| DATA RECORDS |

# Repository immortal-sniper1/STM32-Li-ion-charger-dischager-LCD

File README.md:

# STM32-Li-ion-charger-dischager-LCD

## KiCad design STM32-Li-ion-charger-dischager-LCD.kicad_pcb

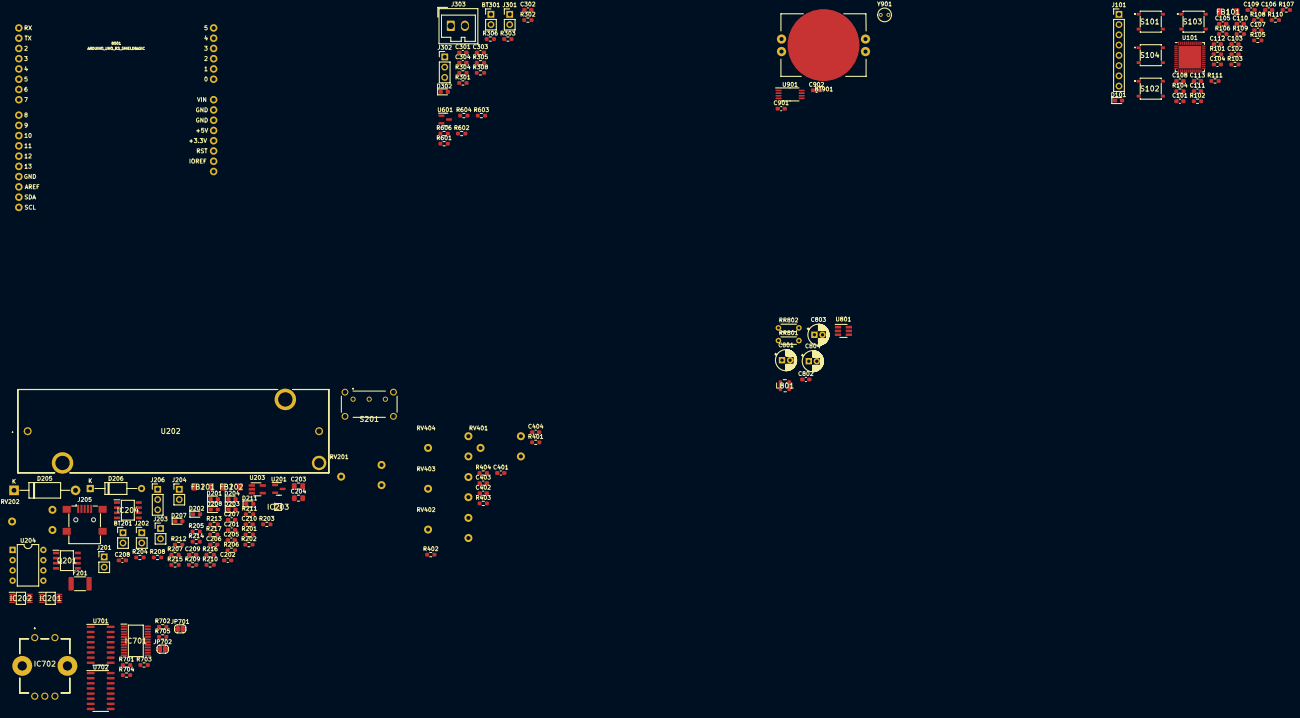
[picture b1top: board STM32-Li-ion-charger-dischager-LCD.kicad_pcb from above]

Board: 2 copper layers, 149 parts (0 on the bottom side), 95 nets, no tracks yet.

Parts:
B501: ARDUINO_UNO_R3_SHIELDBASIC; UNO_R3_SHIELD
BT201, BT301: Battery_Cell; PinHeader_1x02_P2.54mm_Vertical
BT901: Battery_Cell; BATHLD001THM
C101, C102, C104, C105: 24P; C_0603_1608Metric_Pad1.08x0.95mm_HandSolder
C103: 4u7; C_0603_1608Metric_Pad1.08x0.95mm_HandSolder
C106, C107, C108, C109, C111, C112, C113, C207, C208, C303, C304: 100n; C_0603_1608Metric_Pad1.08x0.95mm_HandSolder
C110: C_Small; C_0603_1608Metric_Pad1.08x0.95mm_HandSolder
C201, C202, C209, C210: 4.7u; C_0603_1608Metric_Pad1.08x0.95mm_HandSolder
C203, C204: 1u; C_0805_2012Metric_Pad1.18x1.45mm_HandSolder
C205: 10n; C_0603_1608Metric_Pad1.08x0.95mm_HandSolder
C206, C301, C302, C401, C402, C403, C404: 1u; C_0603_1608Metric_Pad1.08x0.95mm_HandSolder
C801, C803, C804: 22u; CP_Radial_D5.0mm_P2.00mm
C802: 22p optional; C_0603_1608Metric_Pad1.08x0.95mm_HandSolder
C901, C902: 15pF; C_0603_1608Metric_Pad1.08x0.95mm_HandSolder
D101, D201, D202, D203, D204, D302: LED_Small; LED_0603_1608Metric_Pad1.05x0.95mm_HandSolder
D205: D_Shockley; D_DO-15_P15.24mm_Horizontal
D206: D_Shockley; D_A-405_P12.70mm_Horizontal
D207, D208, D211: LED_Small Green; LED_0603_1608Metric_Pad1.05x0.95mm_HandSolder
F201: Polyfuse_Small; Fuse_1812_4532Metric_Pad1.30x3.40mm_HandSolder
FB101, FB201, FB202: HI1806T600R-10; BEADC4516X185N
IC201, IC202: MCP73834T-FCI_UN; SOP50P490X110-10N
IC203: ISL9120IIAZ-TR5696; BGA9C40P3X3_141X141X55
IC204: AP2112M-3.3TRG1; SOIC127P600X170-8N
IC701: XRA1203IG24TR-F; SOP65P640X120-24N
IC702: PEC12R-4230F-S0024; PEC12R4230FS0024
J101: Conn_01x08; PinHeader_1x08_P2.54mm_Vertical
J201: Conn_01x02_Male; PinHeader_1x02_P2.54mm_Vertical
J202, J203, J204, J301: Conn_01x02; PinHeader_1x02_P2.54mm_Vertical
J205: USB_B_Mini; USB_Mini-B_Lumberg_2486_01_Horizontal
J206, J302: Conn_01x03; PinHeader_1x03_P2.54mm_Vertical
J303: Conn_01x02; Wago_734-132_1x02_P3.50mm_Vertical
JP701, JP702: J1; SolderJumper-2_P1.3mm_Open_RoundedPad1.0x1.5mm
L801: NRH3012T2R2MN 2,2uH; NRH3012T220MNV
Q201: DMG9933USD-13; SOIC127P600X175-8N
R101, R102, R103, R104, R105, R107, R108, R109, R110, R111, R205, R206, R207, R208, R214, R215, R302, R303, R306, R601, R602, R701, R702, R703, R704, R705: 10k; R_0603_1608Metric_Pad0.98x0.95mm_HandSolder
R106, R305, R308, R606: 1k; R_0603_1608Metric_Pad0.98x0.95mm_HandSolder
R201, R202, R203, R204: 470; R_0603_1608Metric_Pad0.98x0.95mm_HandSolder
R209, R210, R211, R212, R401, R402, R403, R404, R603, R604: 50k; R_0603_1608Metric_Pad0.98x0.95mm_HandSolder
R213: 10k+ pullup; R_0603_1608Metric_Pad0.98x0.95mm_HandSolder
R216, R217: 330; R_0603_1608Metric_Pad0.98x0.95mm_HandSolder
R301: 47k; R_0603_1608Metric_Pad0.98x0.95mm_HandSolder
R304: 5k; R_0603_1608Metric_Pad0.98x0.95mm_HandSolder
RR801, RR802: R_Small; R_Axial_DIN0204_L3.6mm_D1.6mm_P5.08mm_Horizontal
RV201, RV202: 10k; 2002102255
RV401, RV402, RV403, RV404: 47k; 2002102255
S101, S102, S103, S104: PTS526_SK15_SMTR2_LFS; PTS526SK15SMTR2LFS
S201: EG1224 SPDT switch; EG1224
U101: STM32L151C6Ux; QFN-48-1EP_7x7mm_P0.5mm_EP5.6x5.6mm
U201: APX810S05; SOT-23
U202: 1043
U203: D1213A-02SM; SOT-23-5_HandSoldering
U204: NE555P; DIP-8_W7.62mm
U601: LM4040DBZ-3; SOT-23
U701, U702: MC74VHC4052DR2G; SOIC-16_3.9x9.9mm_P1.27mm
U801: DIO6012BCST6; SOT-23-6_Handsoldering
U901: MCP79412; TSSOP-8_4.4x3mm_P0.65mm
Y901: 32.7680kHz; Crystal_C38-LF_D3.0mm_L8.0mm_Vertical

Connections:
3v3_enable: IC204.5 (EN), R213.1, U801.1 (EN)
+3.3VA: C205.1, C206.1, FB201.2, R606.1, U101.9 (VDDA)
+3V3: B501.3.3V, C103.1, C106.1, C108.1, C109.1, FB201.1, IC701.24 (VCC), J101.8, R101.1, R103.2, R104.2, R105.2, R107.2, R108.2, R109.2, R110.2, R111.2, R216.2, R602.2, R703.2, R704.2, R705.2, RV401.3, RV402.3, RV403.3, RV404.3, S201.2 (COM), U101.24 (VDD), U101.36 (VDD), U101.48 (VDD), U701.16 (VCC), U702.16 (VCC), U901.8 (VCC)
+5V: C110.1, D101.2 (A), D201.2 (A), D202.2 (A), D203.2 (A), D204.2 (A), FB101.2, IC201.1 (VDD_1), IC201.2 (VDD_2), IC202.1 (VDD_1), IC202.2 (VDD_2)
+12V: R603.2, U204.4 (R), U204.8 (VCC)
+BATT: C201.1, IC201.9 (VBAT_1), IC201.10 (VBAT_2), J201.1, J206.1, J302.3, Q201.1 (S1), R209.1, U201.3 (Vcc), U202.1 (+)
+VDC: C203.1, C801.1, D205.1 (K), D206.1 (K), IC204.8 (VIN), J206.3, Q201.3 (S2), R213.2, U801.4 (IN)
/BOOT0: R102.2, U101.44 (BOOT0)
/BattDischarger/Measured_BATT+: BT301.1 (+), C303.2, C304.1, J303.2, R306.1
/NRST: J101.2, R101.2, S101.3 (NO_1), S101.4 (NO_2), U101.7 (NRST)
/PowerManagement/Drains: Q201.5 (D2_1), Q201.6 (D2_2), Q201.7 (D1_1), Q201.8 (D1_2)
/PowerManagement/VBUS_RAW: F201.1, J205.1 (VBUS)
/PowerManagement/VBUS_RAW2: F201.2, FB202.1
/PowerManagement/buck/inductor_buck: L801.1, U801.3 (LX)
/PowerManagement/buck_out: C802.1, C803.1, C804.1, L801.2, RR801.1, S201.1 (PIN1)
/PowerManagement/lin_reg: C204.1, IC204.1 (VOUT), S201.3 (PIN2)
/RTC/Li-ion-20mm-cell: BT901.1 (+), U901.3 (BATT)
/RTC/X1: C901.2, U901.1 (X1), Y901.1
/RTC/X2: C902.2, U901.2 (X2), Y901.2
/multiplexing+gpio_extenders/A0: IC701.21 (A0), JP701.2 (B), R703.1
/multiplexing+gpio_extenders/A1: IC701.2 (A1), JP702.2 (B), R704.1
/multiplexing+gpio_extenders/RESET: IC701.3 (RESET#), R705.1
/multiplexing+gpio_extenders/enable1: IC701.15 (P10), R701.1, U701.6 (ENABLE)
/multiplexing+gpio_extenders/enable2: IC701.16 (P11), R702.1, U702.6 (ENABLE)
/osc_in: C104.2, U101.5 (PH0)
/osc_out: C105.2, U101.6 (PH1)
ADC1: U101.10 (PA0), U701.13 (X_OUT)
ADC2: U101.11 (PA1), U701.3 (Y_OUT)
ADC3: U101.12 (PA2), U702.13 (X_OUT)
ADC4: U101.13 (PA3), U702.3 (Y_OUT)
BATT2+: BT201.1 (+), C202.1, IC202.9 (VBAT_1), IC202.10 (VBAT_2), J302.1, R210.1
D+: J205.3 (D+), U203.4 (CH2)
D-: J205.2 (D-), U203.3 (CH1)
GND: B501.GND@ (GND), BT201.2 (-), BT301.2 (-), BT901.2 (-), C101.1, C102.1, C103.2, C104.1, C105.1, C106.2, C107.1, C108.2, C109.2, C110.2, C111.1, C112.1, C113.1, C201.2, C202.2, C203.2, C204.2, C205.2, C206.2, C207.1, C208.1, C210.2, C301.2, C302.1, C801.2, C803.2, C804.2, C901.1, C902.1, D207.1 (K), D208.1 (K), D211.1 (K), IC201.5 (VSS), IC202.5 (VSS), IC204.6 (GND_1), IC204.7 (GND_2), IC701.12 (GND), J101.1, J101.7, J201.2, J202.1, J203.2, J204.2, J205.5 (GND), J205.6 (Shield), J301.1, J302.2, J303.1, JP701.1 (A), JP702.1 (A), R106.2, R205.1, R206.1, R207.1, R208.1, R211.2, R212.2, R301.2, R304.2, R305.2, R601.1, R604.1, R701.2, R702.2, RR802.2, RV201.2, RV202.2, RV401.1, RV402.1, RV403.1, RV404.1, S201.MH1, S201.MH2, S201.MH3, S201.MH4, U101.8 (VSSA), U101.23 (VSS), U101.35 (VSS), U101.47 (VSS), U101.49 (VSS), U201.2 (GND), U202.2 (-), U203.2 (VSS), U204.1 (GND), U601.2 (A), U701.7 (VEE), U701.8 (GND), U702.7 (VEE), U702.8 (GND), U801.2 (GND), U901.4 (VSS)
I2C_CLK: IC701.22 (SCL), R111.1, U101.42 (PB6), U901.6 (SCL)
I2C_SDA: IC701.23 (SDA), R110.1, U101.43 (PB7), U901.5 (SDA)
LCD_CS: B501.A3, IC701.11 (P7)
LCD_RST: B501.A4, IC701.4 (P0)
unnamed: C101.2, U101.3 (PC14)
unnamed: C102.2, U101.4 (PC15)
unnamed: C107.2, S101.1 (COM_1), S101.2 (COM_2)
unnamed: C111.2, S102.1 (COM_1), S102.2 (COM_2)
unnamed: C112.2, S103.1 (COM_1), S103.2 (COM_2)
unnamed: C113.2, S104.1 (COM_1), S104.2 (COM_2)
unnamed: C207.2, U204.5 (CV)
unnamed: C208.2, U204.2 (TR), U204.6 (THR)
unnamed: C209.1, U204.3 (Q)
unnamed: C301.1, R302.1
unnamed: C302.2, R303.1
unnamed: C304.2, R308.1
unnamed: C401.2, R401.2, RV401.2
unnamed: C402.2, R402.2, RV402.2
unnamed: C403.2, R403.2, RV403.2
unnamed: C404.2, R404.2, RV404.2
unnamed: C802.2, RR801.2, RR802.1, U801.6 (FB)
unnamed: D101.1 (K), R106.1
unnamed: D201.1 (K), R201.1
unnamed: D202.1 (K), R202.1
unnamed: D203.1 (K), R203.1
unnamed: D204.1 (K), R204.1
unnamed: D206.2 (A), J202.2
unnamed: D207.2 (A), R214.1, R215.2
unnamed: D208.2 (A), R216.1
unnamed: D211.2 (A), R217.1
unnamed: IC201.3 (STAT1), R201.2
unnamed: IC201.4 (STAT2), R202.2
unnamed: IC201.6 (PROG), RV201.1
unnamed: IC201.8 (THERM), R207.2
unnamed: IC202.3 (STAT1), R203.2
unnamed: IC202.4 (STAT2), R204.2
unnamed: IC202.6 (PROG), RV202.1
unnamed: IC202.8 (THERM), R208.2
unnamed: J203.1, RV201.3
unnamed: J204.1, RV202.3
unnamed: J206.2, R217.2
unnamed: Q201.2 (G1), R205.2, U201.1 (RESET)
unnamed: R301.1, R302.2
PB0: R103.1, S102.3 (NO_1), S102.4 (NO_2)
PB1: R105.1, S104.3 (NO_1), S104.4 (NO_2)
PB9: R104.1, S103.3 (NO_1), S103.4 (NO_2)
SPI_CLK: B501.D13, R109.1, U101.26 (PB13)
SPI_MISO: B501.D12, R108.1, U101.27 (PB14)
SPI_MOSI: B501.D11 (*D11), R107.1, U101.28 (PB15)
TOUCH_X: B501.A2, U101.16 (PA6)
TOUCH_Y: B501.A1, U101.17 (PA7)
UART_RX: J101.4, U101.30 (PA9)
UART_TX: J101.3, U101.31 (PA10)
VBUS: D205.2 (A), FB101.1, FB202.2, Q201.4 (G2), R206.2, R214.2, R215.1, U203.5 (VCC)
V_ref: R606.2, U601.1 (K)
bat1_v: R209.2, R211.1, U701.12 (X0)
bat2_v: R210.2, R212.1, U701.1 (Y0)
measured_batt_v: R304.1, R306.2, U702.12 (X0)
mux1: IC701.13 (P8), U701.9 (B), U702.9 (B)
mux2: IC701.14 (P9), U701.10 (A), U702.10 (A)
thermistor: R601.2, U702.2 (Y2)

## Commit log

2022-03-21 soft
2022-04-06 more work

| EXERCISE DESCRIPTION |
From the records above, print exactly the lines that run from the line with "unnamed: C111.2, S102.1" to the line with "PB1: R105.1, S104.3 (NO_1), S104.4 (NO_2)", inclusive.

| ANSWER TO THIS PROBLEM |
unnamed: C111.2, S102.1 (COM_1), S102.2 (COM_2)
unnamed: C112.2, S103.1 (COM_1), S103.2 (COM_2)
unnamed: C113.2, S104.1 (COM_1), S104.2 (COM_2)
unnamed: C207.2, U204.5 (CV)
unnamed: C208.2, U204.2 (TR), U204.6 (THR)
unnamed: C209.1, U204.3 (Q)
unnamed: C301.1, R302.1
unnamed: C302.2, R303.1
unnamed: C304.2, R308.1
unnamed: C401.2, R401.2, RV401.2
unnamed: C402.2, R402.2, RV402.2
unnamed: C403.2, R403.2, RV403.2
unnamed: C404.2, R404.2, RV404.2
unnamed: C802.2, RR801.2, RR802.1, U801.6 (FB)
unnamed: D101.1 (K), R106.1
unnamed: D201.1 (K), R201.1
unnamed: D202.1 (K), R202.1
unnamed: D203.1 (K), R203.1
unnamed: D204.1 (K), R204.1
unnamed: D206.2 (A), J202.2
unnamed: D207.2 (A), R214.1, R215.2
unnamed: D208.2 (A), R216.1
unnamed: D211.2 (A), R217.1
unnamed: IC201.3 (STAT1), R201.2
unnamed: IC201.4 (STAT2), R202.2
unnamed: IC201.6 (PROG), RV201.1
unnamed: IC201.8 (THERM), R207.2
unnamed: IC202.3 (STAT1), R203.2
unnamed: IC202.4 (STAT2), R204.2
unnamed: IC202.6 (PROG), RV202.1
unnamed: IC202.8 (THERM), R208.2
unnamed: J203.1, RV201.3
unnamed: J204.1, RV202.3
unnamed: J206.2, R217.2
unnamed: Q201.2 (G1), R205.2, U201.1 (RESET)
unnamed: R301.1, R302.2
PB0: R103.1, S102.3 (NO_1), S102.4 (NO_2)
PB1: R105.1, S104.3 (NO_1), S104.4 (NO_2)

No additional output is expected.